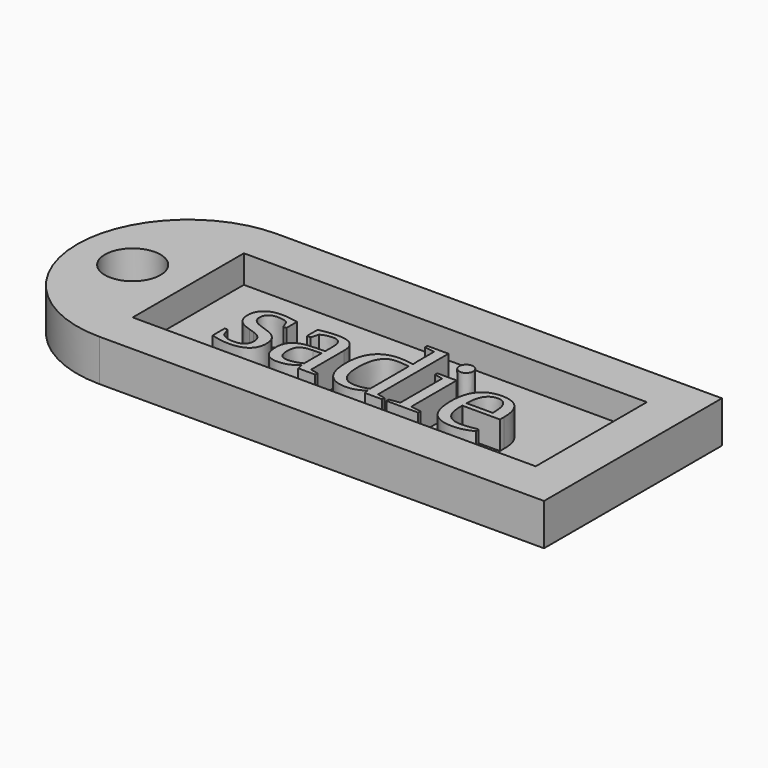
from build123d import *

# Parameters (mm, degrees)
F1_DEPTH     = 3.81
F2_W         = 36.83
F2_H         = 12.7
F3_DEPTH     = 2.54
F4_R         = 2.54
F5_DEPTH     = 25.4
F6_TEXT_SIZE = 12.1959636882
F7_DEPTH     = 2.54


# Not quite as in the source:
# - Text() gives the source's letters only with a copy of the font that has no kerning and outlines rounded to 1/6400 em; it was checked with that copy


with BuildPart() as f1:
    # F0 (on Top) → F1 (new body)
    with BuildSketch(Plane.XY):
        with BuildLine():
            ThreePointArc((-32.4928554767, 38.1459156051), (-29.5170603735, 30.9617107083), (-22.3328554767, 27.9859156051))
            Line((-22.3328554767, 27.9859156051), (18.3071445233, 27.9859156051))
            Line((18.3071445233, 27.9859156051), (18.3071445233, 48.3059156051))
            Line((18.3071445233, 48.3059156051), (-22.3328554767, 48.3059156051))
            ThreePointArc((-22.3328554767, 48.3059156051), (-29.5170603735, 45.330120502), (-32.4928554767, 38.1459156051))
        make_face()
    extrude(amount=F1_DEPTH)

    # F2 (on face) → F3 (cut)
    with BuildSketch(Plane.XY.offset(3.81)):
        with Locations((-3.9178554767, 38.1459156051)):
            Rectangle(F2_W, F2_H)
    extrude(amount=-F3_DEPTH, mode=Mode.SUBTRACT)

    # F4 (on face) → F5 (cut)
    with BuildSketch(Plane.XY.offset(3.81)):
        with Locations((-27.4128554767, 38.1459156051)):
            Circle(F4_R)
    extrude(amount=-F5_DEPTH, mode=Mode.SUBTRACT)

    # F6 (on face) → F7 (join)
    with BuildSketch(Plane.XY.offset(1.27)):
        with Locations((-16.6550166482, 33.035718249)):
            Text('sadie', F6_TEXT_SIZE, font='Tinos', text_align=(TextAlign.LEFT, TextAlign.BOTTOM))
    extrude(amount=F7_DEPTH)


solid = f1.part

◆ ◆ ◆ ◆

I would like the material above returned exactly as it stands, without its pictures.

from build123d import *

# Parameters (mm, degrees)
F1_DEPTH     = 3.81
F2_W         = 36.83
F2_H         = 12.7
F3_DEPTH     = 2.54
F4_R         = 2.54
F5_DEPTH     = 25.4
F6_TEXT_SIZE = 12.1959636882
F7_DEPTH     = 2.54


# Not quite as in the source:
# - Text() gives the source's letters only with a copy of the font that has no kerning and outlines rounded to 1/6400 em; it was checked with that copy


with BuildPart() as f1:
    # F0 (on Top) → F1 (new body)
    with BuildSketch(Plane.XY):
        with BuildLine():
            ThreePointArc((-32.4928554767, 38.1459156051), (-29.5170603735, 30.9617107083), (-22.3328554767, 27.9859156051))
            Line((-22.3328554767, 27.9859156051), (18.3071445233, 27.9859156051))
            Line((18.3071445233, 27.9859156051), (18.3071445233, 48.3059156051))
            Line((18.3071445233, 48.3059156051), (-22.3328554767, 48.3059156051))
            ThreePointArc((-22.3328554767, 48.3059156051), (-29.5170603735, 45.330120502), (-32.4928554767, 38.1459156051))
        make_face()
    extrude(amount=F1_DEPTH)

    # F2 (on face) → F3 (cut)
    with BuildSketch(Plane.XY.offset(3.81)):
        with Locations((-3.9178554767, 38.1459156051)):
            Rectangle(F2_W, F2_H)
    extrude(amount=-F3_DEPTH, mode=Mode.SUBTRACT)

    # F4 (on face) → F5 (cut)
    with BuildSketch(Plane.XY.offset(3.81)):
        with Locations((-27.4128554767, 38.1459156051)):
            Circle(F4_R)
    extrude(amount=-F5_DEPTH, mode=Mode.SUBTRACT)

    # F6 (on face) → F7 (join)
    with BuildSketch(Plane.XY.offset(1.27)):
        with Locations((-16.6550166482, 33.035718249)):
            Text('sadie', F6_TEXT_SIZE, font='Tinos', text_align=(TextAlign.LEFT, TextAlign.BOTTOM))
    extrude(amount=F7_DEPTH)


solid = f1.part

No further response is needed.